A mediados de enero me reuní con él para explicarle los pormenores del robo de su herencia. Supuse que creyó la historia; si no lo hizo, lo disimuló bien. Almorzamos en Lhardy y me propuso que nos siguiéramos viendo. Me negué sin tener una razón fundamentada para ello; tal vez pensara que era demasiado tarde para intentar recuperar todo lo que nunca vivimos juntos. Él continuó insistiendo, no parecía dispuesto a aceptar mi rechazo con facilidad. Y lo logró en parte: el muro de mi resistencia fue poco a poco cediendo. Volvimos a comer juntos alguna otra vez, fuimos al teatro y a un concierto en el Real, incluso una mañana de domingo paseamos por el Retiro como treinta años antes él hiciera con mi madre. Le sobraba tiempo, ya no trabajaba; al terminar la guerra pudo recuperar su fundición, pero decidió no reabrirla. Después vendió los terrenos que ocupaba y se dedicó a vivir de las rentas que con ellos obtuvo. ¿Por qué no quiso seguir, por qué no reimpulsó su negocio tras la contienda? Por puro desencanto, creo. Nunca me contó en detalle sus vicisitudes durante aquellos años, pero los comentarios insertados en las distintas conversaciones que en ese tiempo mantuvimos me permitieron reconstruir más o menos su doloroso periplo. No parecía, sin embargo, un hombre resentido: era demasiado racional como para permitir que sus vísceras agarraran el mando de su vida. A pesar de pertenecer a la clase de los vencedores, era también tremendamente crítico con el nuevo régimen. Y era irónico y un gran conversador, y entre ambos establecimos una relación especial con la que no nos planteamos compensar su ausencia a lo largo de todos los años de mi niñez y juventud, sino empezar de cero una amistad entre adultos. En su círculo se murmuró acerca de nosotros, se especuló sobre la naturaleza del nexo que nos unía, y a sus oídos llegaron mil extravagantes suposiciones que compartió conmigo divertido y a nadie se preocupó de clarificar.

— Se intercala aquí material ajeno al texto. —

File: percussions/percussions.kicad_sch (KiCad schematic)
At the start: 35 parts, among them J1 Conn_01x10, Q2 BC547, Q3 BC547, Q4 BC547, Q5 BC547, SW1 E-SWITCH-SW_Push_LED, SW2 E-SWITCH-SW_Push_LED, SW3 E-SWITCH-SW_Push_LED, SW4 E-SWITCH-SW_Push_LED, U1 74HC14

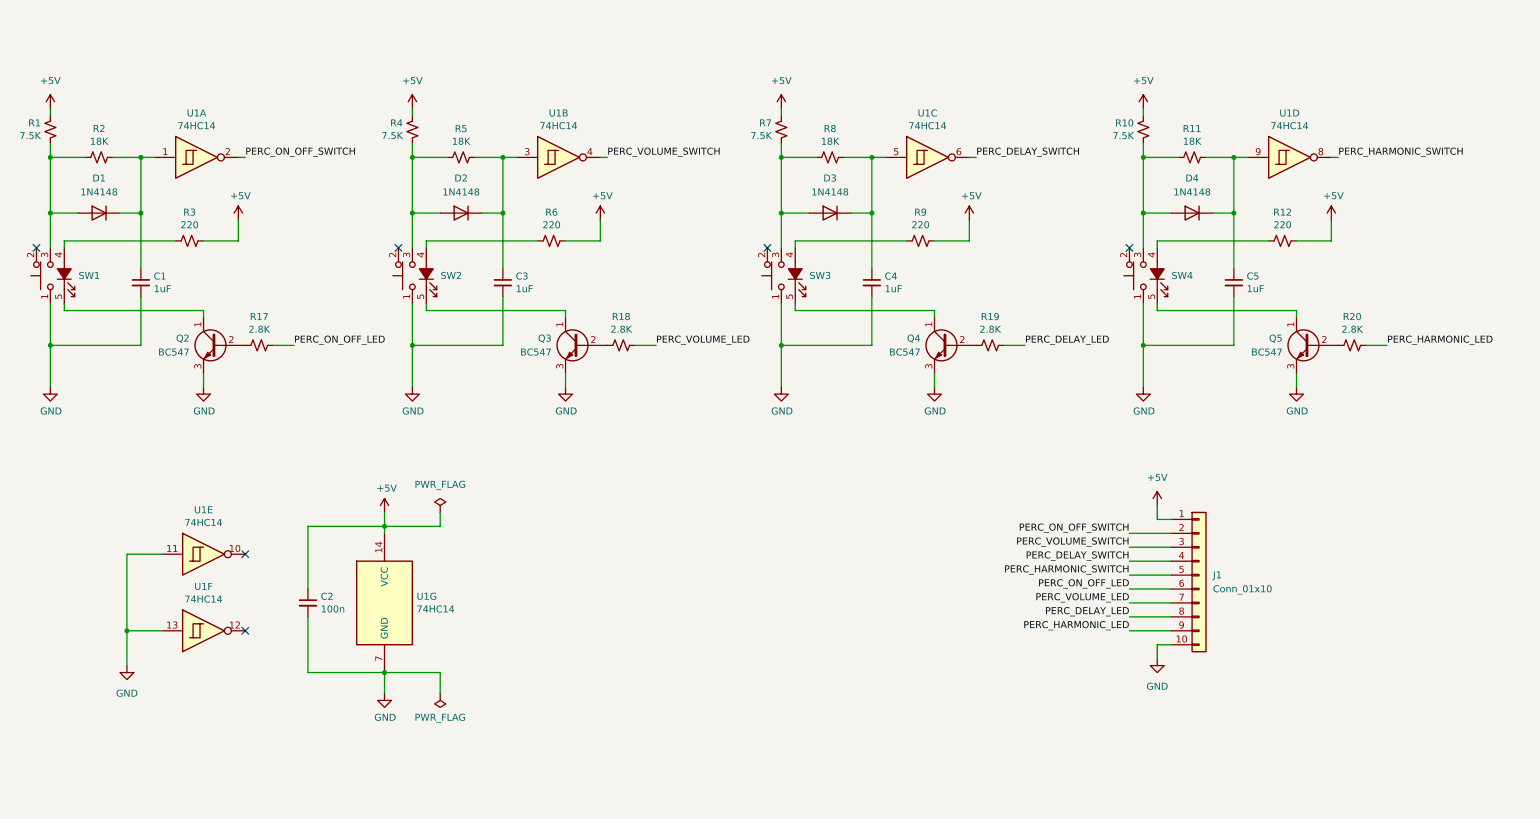
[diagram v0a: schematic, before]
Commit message: New organ architecture with mother board
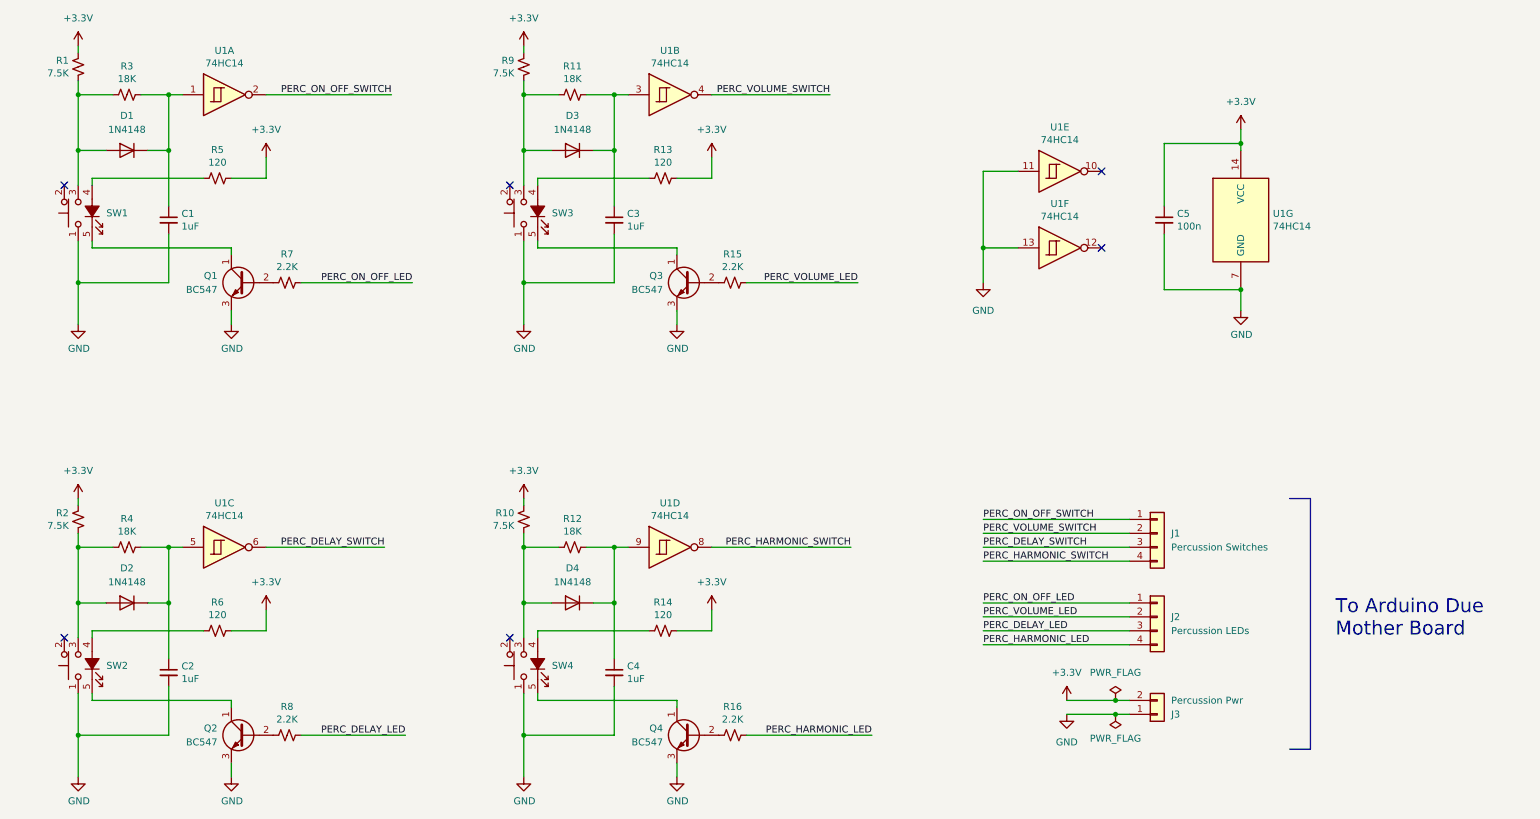
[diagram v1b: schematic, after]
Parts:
- removed J1: Conn_01x10, symbol Connector_Generic:Conn_01x10
- added J1: Percussion Switches, Connector_JST:JST_XH_B4B-XH-A_1x04_P2.50mm_Vertical, symbol Connector_Generic:Conn_01x04
- added J2: Percussion LEDs, Connector_JST:JST_XH_B4B-XH-A_1x04_P2.50mm_Vertical, symbol Connector_Generic:Conn_01x04
- added J3: Percussion Pwr, Connector_JST:JST_XH_B2B-XH-A_1x02_P2.50mm_Vertical, symbol Connector_Generic:Conn_01x02
- R13: renamed from R6; value 220 -> 120
- R14: renamed from R12; value 220 -> 120
- R15: renamed from R18; value 2.8K -> 2.2K
- R16: renamed from R20; value 2.8K -> 2.2K
- R5: renamed from R3; value 220 -> 120
- R6: renamed from R9; value 220 -> 120
- R7: renamed from R17; value 2.8K -> 2.2K
- R8: renamed from R19; value 2.8K -> 2.2K
- SW1, SW4: footprint b3_buttons_library:5511MBLKRED -> b3_footprints:5511MBLKRED
- SW2: renamed from SW3; footprint b3_buttons_library:5511MBLKRED -> b3_footprints:5511MBLKRED
- SW3: renamed from SW2; footprint b3_buttons_library:5511MBLKRED -> b3_footprints:5511MBLKRED
- U1: footprint Package_SO:SOIC-14_3.9x8.7mm_P1.27mm -> Package_DIP:DIP-14_W7.62mm_LongPads
- renumbered C4 to C2, C5 to C4, C2 to C5, D3 to D2, D2 to D3, Q2 to Q1, Q4 to Q2, Q5 to Q4, R5 to R11, R11 to R12, R7 to R2, R2 to R3, R8 to R4, R4 to R9
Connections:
- net GND: now also J3.1 (Pin_1)
- net PERC_DELAY_LED: now also J2.3 (Pin_3)
- net PERC_DELAY_SWITCH: now also J1.3 (Pin_3)
- net PERC_HARMONIC_LED: now also J2.4 (Pin_4)
- net PERC_HARMONIC_SWITCH: now also J1.4 (Pin_4)
- net PERC_ON_OFF_LED: now also J2.1 (Pin_1)
- net PERC_ON_OFF_SWITCH: now also J1.1 (Pin_1)
- net PERC_VOLUME_LED: now also J2.2 (Pin_2)
- net PERC_VOLUME_SWITCH: now also J1.2 (Pin_2)
- net +5V renamed +3.3V
- net +3.3V: now also J3.2 (Pin_2)
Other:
- note added: "To Arduino Due Mother Board"
- moved on the sheet: C1, C2, C3, C4, C5, D1, D2, D3, D4, Q1, Q2, Q3

Los encuentros con mi padre me abrieron los ojos a una cara de la realidad desconocida. Gracias a él supe que, a pesar de que los periódicos nunca lo contaran, el país vivía una crisis de gobierno permanente, donde los rumores de destituciones y dimisiones, los relevos ministeriales, las rivalidades y las conspiraciones se multiplicaban como los panes y los peces. La caída de Beigbeder a los catorce meses de jurar su cargo en Burgos había sido sin duda la más estrepitosa, pero en ningún caso la única.
Mientras España emprendía lentamente su reconstrucción, las distintas familias que habían contribuido a ganar la guerra, lejos de convivir en armonía, se tiraban los trastos a la cabeza como en un sainete. El ejército enfrentado a la Falange, la Falange a matar con los monárquicos, los monárquicos endemoniados porque Franco no se comprometía con la restauración; éste en El Pardo, apartado e indefinido, firmando sentencias con pulso firme y sin decantarse a favor de nadie; Serrano Suñer por encima de todos, todos a su vez contra Serrano; unos intrigando a favor del Eje, otros en pro de los Aliados, cada cual apostando a ciegas sin saber aún cuál sería el bando que acabaría a la larga, como había dicho Candelaria, metiendo las cabras en el corral.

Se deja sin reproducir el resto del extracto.